DrivingThe fact is: women get a boost from playing games. Games teach you shit. They improve your reaction times. They improve your cognitive skills. They help you drive better. They give you self-confidence - I love being able to beat the crap out of my male friends at strategy games. If I can do that, then why can’t I fix my own car? Hammer my own nails? Why can’t I run for President? Say what I think? Demand a raise?

There’s another thing that gaming - gaming avidly - taught me. That the quickest way to learn something was to try it out. You don’t sit outside the monster’s lair, shivering and miserable, you go in there and you try and kick butt. If you die, you at least memorized the attack pattern, so the next time you go in, you can really kick butt. Sometimes it takes two goes. So sitting around passively waiting for someone to tell me what to do is no longer an option in my real life either.

If you’re playing a strategy game, you test out your theories. You don’t sit in your base and wait. How are you going to win doing that? You learn the truth behind the statement ‘the best defense is an offense’. In much the same way, I don’t sit in my house and wait. Wait for what? A prince to come and magic all the troubles in the world away? Games don’t work like that (unless you’re Princess Peach, but we won’t talk about her), and real life doesn’t work like that. Sit in your base for long enough, and eventually those bad guys will come get you anyway.

To be honest, I’m kind of tired of these ‘women play games too - but they like easy, simple, quick games‘ articles. I don’t want women playing The Sims. I mean, I do, but I also want them playing Halo. Half-Life. Command and Conquer. I want them in the top guilds, not just the casual ones. I want them hardcore, not in the sense of spending twenty hours a day running the same damn instance over and over, but in the sense of realizing that YES they can do this, that the boss can die, that they can blast their way through fifty zombies with a headshot every time, that they can get to the top of the high-score board. Why? For the same reason I got a kick out of beating my geeky male friend that first time on Warcraft III. Because it means I can do all that shit they said I couldn’t do because I was a girl. I can be an engineer, or a plumber, or a scientist. I can be a world famous chef. I can be President (well, Prime Minister in my case).

So if you’re reading this, and you’re a woman, go power up your favorite shooter or racer or RTS and kick some butt. And when you’ve done that, go save the world.

13 Responses to “Anything You Can Do, I Can Do Better”

  1. Magiz Says:

    It’s a shame that people think women still are more casual gamers. I’ve been playing games for a very long time, and have known a lot of women that play. I guess I wasn’t really the typical jerk guy, however. It never bothered me gaming with girls. I actually enjoyed the hilarious chat that went along with it (which can be refreshing compared to what most guys say during a online match).
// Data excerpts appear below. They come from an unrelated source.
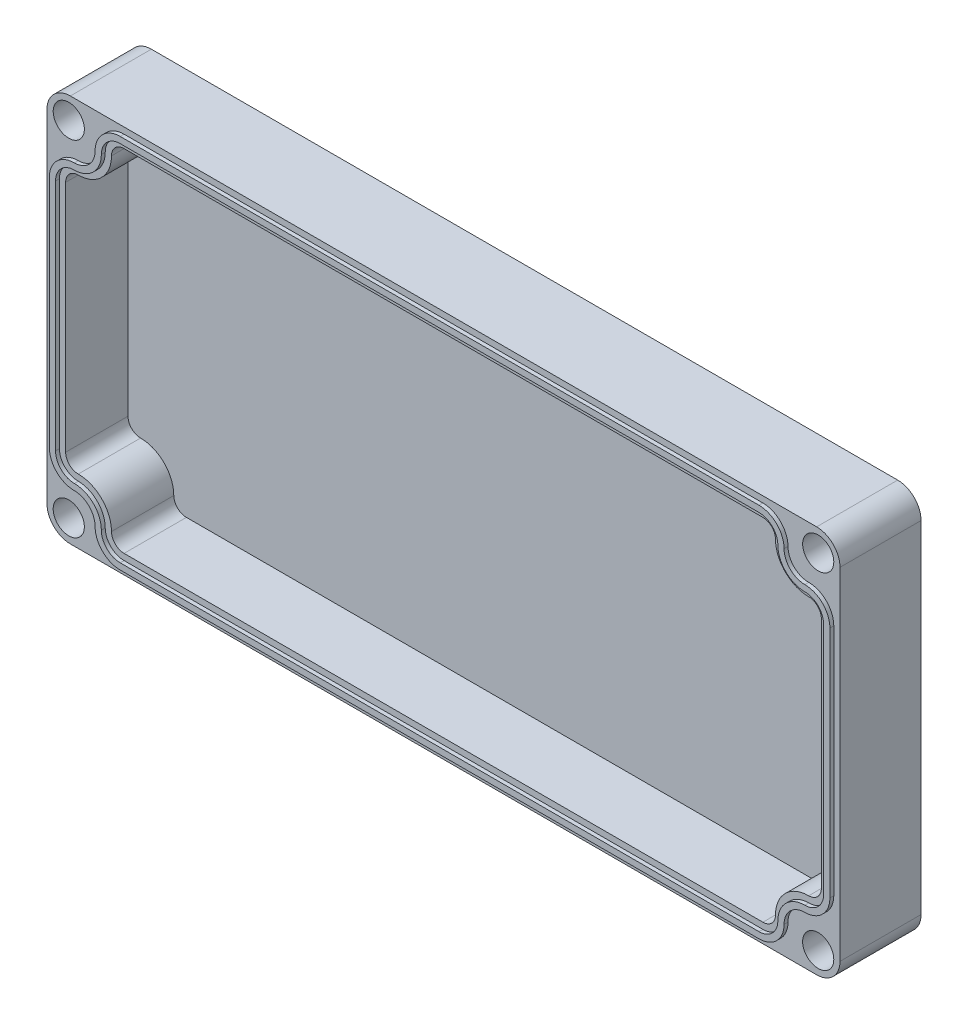
SolidWorks part; units mm, degrees
ref_plane "Plan de face" through (0, 0, 0) normal (0, 0, 1) x (1, 0, 0)
ref_plane "Plan de dessus" through (0, 0, 0) normal (0, 1, 0) x (1, 0, 0)
ref_plane "Plan de droite" through (0, 0, 0) normal (1, 0, 0) x (0, 0, -1)
sketch "Esquisse1" plane through (0, 0, 0) normal (0, 0, 1) x (1, 0, 0)
  line L1 (-48.5, 22.5) -> (48.5, 22.5)
  line L2 (-48.5, 22.5) -> (-48.5, -22.5)
  line L3 (-48.5, -22.5) -> (48.5, -22.5)
  line L4 (48.5, 22.5) -> (48.5, -22.5)
  line L5 (-48.5, 22.5) -> (48.5, -22.5) construction
  line L6 (-48.5, -22.5) -> (48.5, 22.5) construction
  point P0 (0, 0)
  dimension "D1" = 97
  dimension "D2" = 45
extrude "Boss.-Extru.1" add sketch "Esquisse1" along normal blind 8
shell "Coque1" thickness 2.4 removed face at (0, 0, 8) outward yes
ref_plane "Plan1" through (0, 0, 20) normal (0, 0, 1) x (1, 0, 0)
sketch "Esquisse10" plane through (0, 0, 0) normal (0, 0, 1) x (1, 0, 0)
  line L0 (-48.5, 22.5) -> (-48.5, 15)
  line L1 (-48.5, 22.5) -> (-48.5, -22.5) construction
  line L2 (48.5, 22.5) -> (-48.5, 22.5) construction
  line L3 (-41, 22.5) -> (-48.5, 22.5)
  line L4 (-46.88, 15) -> (-48.5, 15) construction
  line L5 (-46.88, 15) -> (-46.88, 16.62) construction
  line L6 (-41, 20.88) -> (-42.62, 20.88) construction
  line L7 (-41, 20.88) -> (-41, 22.5) construction
  arc A1 (-48.5, 15) -> (-46.88, 16.62) centre (-46.88, 15) cw
  arc A2 (-46.88, 16.62) -> (-42.62, 20.88) centre (-46.88, 20.88) ccw
  arc A3 (-42.62, 20.88) -> (-41, 22.5) centre (-41, 20.88) cw
  dimension "D1" = 7.5
extrude "Boss.-Extru.2" add sketch "Esquisse10" along normal up to surface (8 mm away) up to face at (0, 0, 8)
mirror "Symétrie1" about plane through (0, 0, 0) normal (1, 0, 0) of "Boss.-Extru.2"
mirror "Symétrie2" about plane through (0, 0, 0) normal (0, 1, 0) of "Boss.-Extru.2"
mirror "Symétrie3" about plane through (0, 0, 0) normal (0, 1, 0) of "Symétrie1"
sketch "Esquisse13" plane through (0, 0, 8) normal (0, 0, 1) x (1, 0, 0)
  line L0 (-48.1, 22.1) -> (-48.1, 24.1) construction
  line L1 (50.9, 24.9) -> (-50.9, 24.9) construction
  line L2 (-48.1, 22.1) -> (-50.1, 22.1) construction
  line L4 (-50.9, 24.9) -> (-50.9, -24.9) construction
  circle A0 centre (-48.1, 22.1) radius 2
  circle A1 centre (-48.1, 22.1) radius 2.75 construction
  dimension "D1" = 4
  dimension "D4" = 5.5
  dimension "D2" = 0.8
  dimension "D3" = 0.8
extrude "Insert" cut sketch "Esquisse13" against normal up to next
mirror "Symétrie4" about plane through (0, 0, 0) normal (1, 0, 0) of "Insert"
mirror "Symétrie5" about plane through (0, 0, 0) normal (0, 1, 0) of "Symétrie4"
sketch "Esquisse14" plane through (0, 0, 8) normal (0, 0, 1) x (1, 0, 0)
  line L0 (-41, 22.5) -> (41, 22.5) construction
  line L1 (48.5, 15) -> (48.5, -15) construction
  line L2 (41, -22.5) -> (-41, -22.5) construction
  line L3 (-48.5, -15) -> (-48.5, 15) construction
  line L4 (-50.1, -15) -> (-50.1, 15) construction
  line L5 (-41, 24.1) -> (41, 24.1) construction
  line L6 (50.1, 15) -> (50.1, -15) construction
  line L7 (41, -24.1) -> (-41, -24.1) construction
  line L8 (-41, 23.3) -> (41, 23.3)
  line L9 (49.3, 15) -> (49.3, -15)
  line L10 (41, -23.3) -> (-41, -23.3)
  line L11 (-49.3, -15) -> (-49.3, 15)
  arc A0 (41, 22.5) -> (42.62, 20.88) centre (41, 20.88) cw construction
  arc A1 (42.62, 20.88) -> (46.88, 16.62) centre (46.88, 20.88) ccw construction
  arc A2 (46.88, 16.62) -> (48.5, 15) centre (46.88, 15) cw construction
  arc A3 (48.5, -15) -> (46.88, -16.62) centre (46.88, -15) cw construction
  arc A4 (46.88, -16.62) -> (42.62, -20.88) centre (46.88, -20.88) ccw construction
  arc A5 (42.62, -20.88) -> (41, -22.5) centre (41, -20.88) cw construction
  arc A6 (-41, -22.5) -> (-42.62, -20.88) centre (-41, -20.88) cw construction
  arc A7 (-42.62, -20.88) -> (-46.88, -16.62) centre (-46.88, -20.88) ccw construction
  arc A8 (-46.88, -16.62) -> (-48.5, -15) centre (-46.88, -15) cw construction
  arc A9 (-48.5, 15) -> (-46.88, 16.62) centre (-46.88, 15) cw construction
  arc A10 (-46.88, 16.62) -> (-42.62, 20.88) centre (-46.88, 20.88) ccw construction
  arc A11 (-42.62, 20.88) -> (-41, 22.5) centre (-41, 20.88) cw construction
  arc A12 (-50.1, 15) -> (-46.88, 18.22) centre (-46.88, 15) cw construction
  arc A13 (-46.88, 18.22) -> (-44.22, 20.88) centre (-46.88, 20.88) ccw construction
  arc A14 (-44.22, 20.88) -> (-41, 24.1) centre (-41, 20.88) cw construction
  arc A15 (41, 24.1) -> (44.22, 20.88) centre (41, 20.88) cw construction
  arc A16 (44.22, 20.88) -> (46.88, 18.22) centre (46.88, 20.88) ccw construction
  arc A17 (46.88, 18.22) -> (50.1, 15) centre (46.88, 15) cw construction
  arc A18 (50.1, -15) -> (46.88, -18.22) centre (46.88, -15) cw construction
  arc A19 (46.88, -18.22) -> (44.22, -20.88) centre (46.88, -20.88) ccw construction
  arc A20 (44.22, -20.88) -> (41, -24.1) centre (41, -20.88) cw construction
  arc A21 (-41, -24.1) -> (-44.22, -20.88) centre (-41, -20.88) cw construction
  arc A22 (-44.22, -20.88) -> (-46.88, -18.22) centre (-46.88, -20.88) ccw construction
  arc A23 (-46.88, -18.22) -> (-50.1, -15) centre (-46.88, -15) cw construction
  arc A24 (-43.42, 20.88) -> (-41, 23.3) centre (-41, 20.88) cw
  arc A25 (41, 23.3) -> (43.42, 20.88) centre (41, 20.88) cw
  arc A26 (43.42, 20.88) -> (46.88, 17.42) centre (46.88, 20.88) ccw
  arc A27 (46.88, 17.42) -> (49.3, 15) centre (46.88, 15) cw
  arc A28 (49.3, -15) -> (46.88, -17.42) centre (46.88, -15) cw
  arc A29 (46.88, -17.42) -> (43.42, -20.88) centre (46.88, -20.88) ccw
  arc A30 (43.42, -20.88) -> (41, -23.3) centre (41, -20.88) cw
  arc A31 (-41, -23.3) -> (-43.42, -20.88) centre (-41, -20.88) cw
  arc A32 (-43.42, -20.88) -> (-46.88, -17.42) centre (-46.88, -20.88) ccw
  arc A33 (-46.88, -17.42) -> (-49.3, -15) centre (-46.88, -15) cw
  arc A34 (-49.3, 15) -> (-46.88, 17.42) centre (-46.88, 15) cw
  arc A35 (-46.88, 17.42) -> (-43.42, 20.88) centre (-46.88, 20.88) ccw
  dimension "D1" = 1.6
  dimension "D2" = 0.8
extrude "Extru.-Mince1" add sketch "Esquisse14" along normal blind 0.5 thin thin type one direction wall 0.8
fillet "Congé1" radius 3 4 edges at (-50.9, -24.9, 2.8) (50.9, -24.9, 2.8) (50.9, 24.9, 2.8) (-50.9, 24.9, 2.8)
sketch "Esquisse15" plane through (0, 0, -2.4) normal (0, 0, -1) x (-1, 0, 0)
  line L0 (36.5677, 119.0943) -> (94.262, 119.0943) construction
  line L1 (52.6667, 130) -> (263.3333, 130) construction
equation "\"buse\"= 0.8"
equation "\"D1@Coque1\"=\"buse\"*3"
equation "\"hauteur\"=10"
equation "\"D1@Nervure1\"=\"hauteur\""
equation "\"D1@Nervure18\"=\"buse\""
equation "\"D2@Esquisse13\"=\"buse\"*1"
equation "\"D3@Esquisse13\"=1*\"buse\""

    As for women drivers. My one friend was a very skilled driver in some racing games. One of her favorite was the Burnout series. Between her and my other friend, they were some of the top players online in that series.

  2. Paul Says:

    My observation is that girls are not aggressive and self-confident in their aggression.
    I’m not gonna say why -I think it’s due to a variety of reasons.

    But pretty much I don’t see many women saying, “dude, this is what I’m gonna do, and up yours if you don’t like it” about games, about hobbies, and even about life goals. It’s kinda interesting my highly driven sister go into college: she wants an MD, and you better not get in her way, versus the other people in her dorm, who are…not as motivated, shall we say…

  3. Tanya Says:

    Very interesting article.

    Since I was old enough to hold a joystick I’ve regularly played a very wide variety of video games - everything and anything from Half-Life to - yes, I admit it - The Sims. I think a lot of fellow female gamers are just as guilty as the mainstream population in underestimating just how many women have played video games since a young age and continue to do so - it hasn’t happened suddenly, we’ve been here all along. The only difference is that the big video game companies are willing to take notice of us now they’ve realised they can make more money out of us by targeting specific games at us.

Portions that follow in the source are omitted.